Wymierzając dziecku karę, trzeba pamiętać, że jej skuteczność zależy również od czasu. Kara nie może być
odroczona w czasie, lecz powinna być zastosowana zaraz po przewinieniu (nie należy np. grozić: zobaczysz,
jak ojciec przyjdzie z pracy, to zrobi z tobą porządek). Nie można jej też wymierzać pod wpływem gniewu i
złości, gdyż emocje są zawsze złym doradcą. Przyczyniają się do braku obiektywizmu i nie sprzyjają
przeanalizowaniu przyczyny przewinienia. Podczas zdenerwowania, a więc będąc w stanie pobudzenia
emocjonalnego, widzimy skutek i nie dajemy dziecku szansy na wyjaśnienie i wytłumaczenie się z
niewłaściwego zachowania. Kara wymierzona w złości jest najczęściej bardzo surowa i wywołuje u dziecka
strach, podczas którego skupia się ono nie na przewinieniu, ale na karze. Skuteczność karania jest tym
większa, im silniejsze jest uczucie miłości i przywiązania osoby karzącej z karaną. Karze musi zawsze
towarzyszyć ukazanie możliwości poprawy. W przeciwnym razie może dojść do zachowań agresywnych.

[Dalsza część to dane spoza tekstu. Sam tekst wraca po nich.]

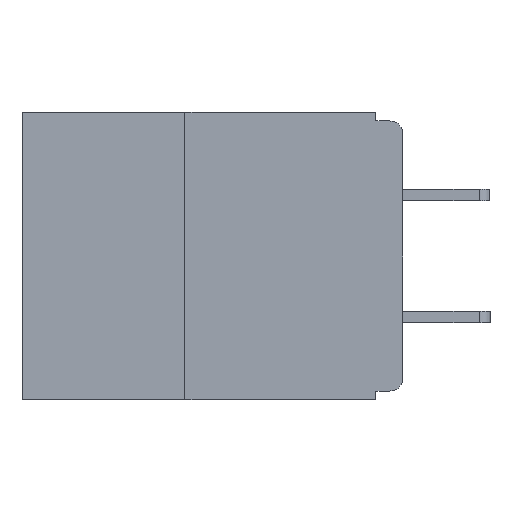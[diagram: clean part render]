
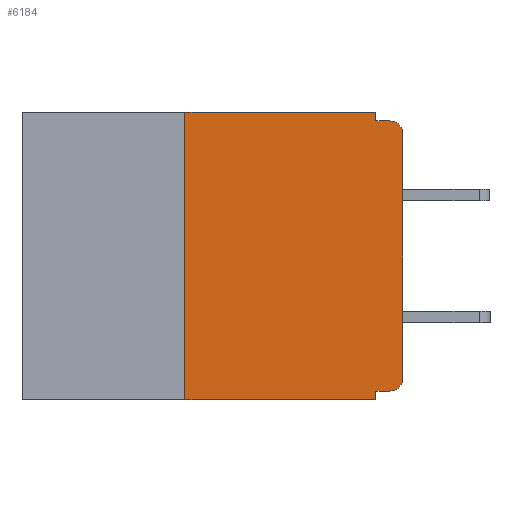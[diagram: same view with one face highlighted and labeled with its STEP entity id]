
A CAD part, left-side view. The second image highlights one B-rep face of the part: STEP entity #6184.
In plain terms, the highlighted planar face has unit normal (-1, 0, 0).
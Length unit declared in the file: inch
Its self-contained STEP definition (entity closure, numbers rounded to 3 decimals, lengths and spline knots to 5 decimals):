
#815 = DIRECTION ( 'NONE',  ( 0., -1., 0. ) ) ;
#1036 = CARTESIAN_POINT ( 'NONE',  ( 0., 0., -0.01 ) ) ;
#1046 = CARTESIAN_POINT ( 'NONE',  ( 0., 0.031, 0. ) ) ;
#1273 = VERTEX_POINT ( 'NONE', #2011 ) ;
#1393 = VERTEX_POINT ( 'NONE', #1737 ) ;
#1641 = EDGE_CURVE ( 'NONE', #11782, #11723, #6306, .T. ) ;
#1715 = CARTESIAN_POINT ( 'NONE',  ( 0., 0.031, 0. ) ) ;
#1717 = EDGE_CURVE ( 'NONE', #1273, #4273, #6236, .T. ) ;
#1737 = CARTESIAN_POINT ( 'NONE',  ( 0., 0.015, -0.01 ) ) ;
#1792 = EDGE_CURVE ( 'NONE', #3623, #7458, #5910, .T. ) ;
#1855 = CARTESIAN_POINT ( 'NONE',  ( 0., 0.437, -0.33 ) ) ;
#1919 = DIRECTION ( 'NONE',  ( 0., -1., 0. ) ) ;
#1980 = FACE_OUTER_BOUND ( 'NONE', #12203, .T. ) ;
#2008 = VECTOR ( 'NONE', #1919, 39.37008 ) ;
#2011 = CARTESIAN_POINT ( 'NONE',  ( 0., 0.25, -0.33 ) ) ;
#2135 = DIRECTION ( 'NONE',  ( 0., 1., 0. ) ) ;
#2204 = LINE ( 'NONE', #1855, #2008 ) ;
#2298 = AXIS2_PLACEMENT_3D ( 'NONE', #6119, #6102, #6015 ) ;
#2305 = CARTESIAN_POINT ( 'NONE',  ( 0., 0., -0.32 ) ) ;
#2564 = CARTESIAN_POINT ( 'NONE',  ( 0., 0.031, -0.32 ) ) ;
#2724 = CARTESIAN_POINT ( 'NONE',  ( 0., 0.25, -0.33 ) ) ;
#2827 = DIRECTION ( 'NONE',  ( 0., 0., 1. ) ) ;
#3016 = VECTOR ( 'NONE', #815, 39.37008 ) ;
#3214 = LINE ( 'NONE', #1036, #3016 ) ;
#3623 = VERTEX_POINT ( 'NONE', #1715 ) ;
#3733 = VECTOR ( 'NONE', #2135, 39.37008 ) ;
#3842 = VECTOR ( 'NONE', #5310, 39.37008 ) ;
#4043 = CIRCLE ( 'NONE', #2298, 0.015 ) ;
#4208 = LINE ( 'NONE', #5284, #3842 ) ;
#4273 = VERTEX_POINT ( 'NONE', #4438 ) ;
#4438 = CARTESIAN_POINT ( 'NONE',  ( 0., 0.25, 0. ) ) ;
#4574 = VECTOR ( 'NONE', #7822, 39.37008 ) ;
#4598 = LINE ( 'NONE', #8275, #4574 ) ;
#4812 = CARTESIAN_POINT ( 'NONE',  ( 0., 0.031, -0.33 ) ) ;
#4977 = CIRCLE ( 'NONE', #7623, 0.015 ) ;
#5033 = AXIS2_PLACEMENT_3D ( 'NONE', #7787, #7638, #7624 ) ;
#5117 = CARTESIAN_POINT ( 'NONE',  ( 0., 0.031, -0.01 ) ) ;
#5284 = CARTESIAN_POINT ( 'NONE',  ( 0., 0.031, -0.33 ) ) ;
#5310 = DIRECTION ( 'NONE',  ( 0., 0., -1. ) ) ;
#5767 = EDGE_CURVE ( 'NONE', #7562, #10561, #4208, .T. ) ;
#5870 = VECTOR ( 'NONE', #8856, 39.37008 ) ;
#5910 = LINE ( 'NONE', #1046, #5870 ) ;
#6015 = DIRECTION ( 'NONE',  ( 0., 0., -1. ) ) ;
#6102 = DIRECTION ( 'NONE',  ( -1., 0., 0. ) ) ;
#6119 = CARTESIAN_POINT ( 'NONE',  ( 0., 0.015, -0.305 ) ) ;
#6137 = VECTOR ( 'NONE', #2827, 39.37008 ) ;
#6151 = LINE ( 'NONE', #2305, #3733 ) ;
#6184 = ADVANCED_FACE ( 'NONE', ( #1980 ), #8040, .F. ) ;
#6236 = LINE ( 'NONE', #2724, #6137 ) ;
#6294 = VECTOR ( 'NONE', #9371, 39.37008 ) ;
#6306 = LINE ( 'NONE', #7006, #6294 ) ;
#6454 = ORIENTED_EDGE ( 'NONE', *, *, #1641, .T. ) ;
#6743 = ORIENTED_EDGE ( 'NONE', *, *, #8705, .T. ) ;
#6927 = ORIENTED_EDGE ( 'NONE', *, *, #10914, .F. ) ;
#7006 = CARTESIAN_POINT ( 'NONE',  ( 0., 0., 0. ) ) ;
#7159 = DIRECTION ( 'NONE',  ( 0., 0., -1. ) ) ;
#7186 = DIRECTION ( 'NONE',  ( -1., 0., 0. ) ) ;
#7195 = CARTESIAN_POINT ( 'NONE',  ( 0., 0.015, -0.025 ) ) ;
#7458 = VERTEX_POINT ( 'NONE', #5117 ) ;
#7562 = VERTEX_POINT ( 'NONE', #2564 ) ;
#7623 = AXIS2_PLACEMENT_3D ( 'NONE', #7195, #7186, #7159 ) ;
#7624 = DIRECTION ( 'NONE',  ( 0., 0., -1. ) ) ;
#7638 = DIRECTION ( 'NONE',  ( 1., 0., 0. ) ) ;
#7648 = ORIENTED_EDGE ( 'NONE', *, *, #1792, .F. ) ;
#7669 = ORIENTED_EDGE ( 'NONE', *, *, #12002, .F. ) ;
#7709 = ORIENTED_EDGE ( 'NONE', *, *, #1717, .F. ) ;
#7787 = CARTESIAN_POINT ( 'NONE',  ( 0., 0.437, 0. ) ) ;
#7792 = ORIENTED_EDGE ( 'NONE', *, *, #12440, .T. ) ;
#7805 = ORIENTED_EDGE ( 'NONE', *, *, #5767, .F. ) ;
#7822 = DIRECTION ( 'NONE',  ( 0., -1., 0. ) ) ;
#7879 = ORIENTED_EDGE ( 'NONE', *, *, #9360, .F. ) ;
#7900 = ORIENTED_EDGE ( 'NONE', *, *, #12128, .T. ) ;
#8040 = PLANE ( 'NONE',  #5033 ) ;
#8275 = CARTESIAN_POINT ( 'NONE',  ( 0., 0.437, 0. ) ) ;
#8630 = VERTEX_POINT ( 'NONE', #10266 ) ;
#8705 = EDGE_CURVE ( 'NONE', #11723, #1393, #4977, .T. ) ;
#8856 = DIRECTION ( 'NONE',  ( 0., 0., -1. ) ) ;
#9360 = EDGE_CURVE ( 'NONE', #8630, #7562, #6151, .T. ) ;
#9371 = DIRECTION ( 'NONE',  ( 0., 0., 1. ) ) ;
#10266 = CARTESIAN_POINT ( 'NONE',  ( 0., 0.015, -0.32 ) ) ;
#10561 = VERTEX_POINT ( 'NONE', #4812 ) ;
#10914 = EDGE_CURVE ( 'NONE', #7458, #1393, #3214, .T. ) ;
#11723 = VERTEX_POINT ( 'NONE', #13218 ) ;
#11782 = VERTEX_POINT ( 'NONE', #12077 ) ;
#12002 = EDGE_CURVE ( 'NONE', #4273, #3623, #4598, .T. ) ;
#12077 = CARTESIAN_POINT ( 'NONE',  ( 0., 0., -0.305 ) ) ;
#12128 = EDGE_CURVE ( 'NONE', #8630, #11782, #4043, .T. ) ;
#12203 = EDGE_LOOP ( 'NONE', ( #6454, #6743, #6927, #7648, #7669, #7709, #7792, #7805, #7879, #7900 ) ) ;
#12440 = EDGE_CURVE ( 'NONE', #1273, #10561, #2204, .T. ) ;
#13218 = CARTESIAN_POINT ( 'NONE',  ( 0., 0., -0.025 ) ) ;

Ponadto dziecko będzie miało negatywny stosunek do osoby wymierzającej karę. Im dziecko jest
wrażliwsze, tym kara powinna być słabsza. Z karaniem wiąże się również poczucie winy. Dziecko, które
postąpi źle, najczęściej żałuje tego, co zrobiło. Jeżeli uznaje normy ustalone przez dorosłych, wówczas kary
stosowane przez nich za przekroczenie zasad są bardziej skuteczne. Jeżeli dziecko nie rozumie stawianych
przez dorosłych granic (ograniczeń), kary są mało skuteczne. Skuteczność kary zależy również od autorytetu
osoby karzącej w oczach dziecka. Jeżeli osoba wymierzająca karę cieszy się autorytetem i uznawana jest
przez dziecko za osobę sprawiedliwą, zapewne będzie żałowało ono swojego zachowania i dołoży starań,
aby więcej danego czynu nie popełniać. Jeżeli natomiast osoba karząca nie cieszy się autorytetem u dziecka,
to kara może wywołać u niego agresję i chęć zrobienia karzącemu na złość. Należy unikać stosowania stale
tych samych kar, gdyż powszednieją one i przestają mieć dla dziecka znaczenie. Szczególnie szkodliwe jest
stosowanie kar agresywnych, nadmiernie surowych. W przypadku dzieci nadpobudliwych i agresywnych
stosowanie takich kar powoduje bunt, upór, przekorę, co w konsekwencji prowadzi do zerwania więzi
uczuciowych z dorosłym. W pedagogice współcześnie postuluje się ograniczenie stosowania kar na rzecz
umiejętnego wprowadzania wzmocnień pozytywnych – nagród. Nadmierny rygoryzm, stosowanie kar zbyt
surowych, niezrozumiałych, wywołujących poczucie krzywdy, powodujących niezaspokojenie
podstawowych potrzeb psychologicznych wychowanka, może prowadzić do deformacji jego osobowości.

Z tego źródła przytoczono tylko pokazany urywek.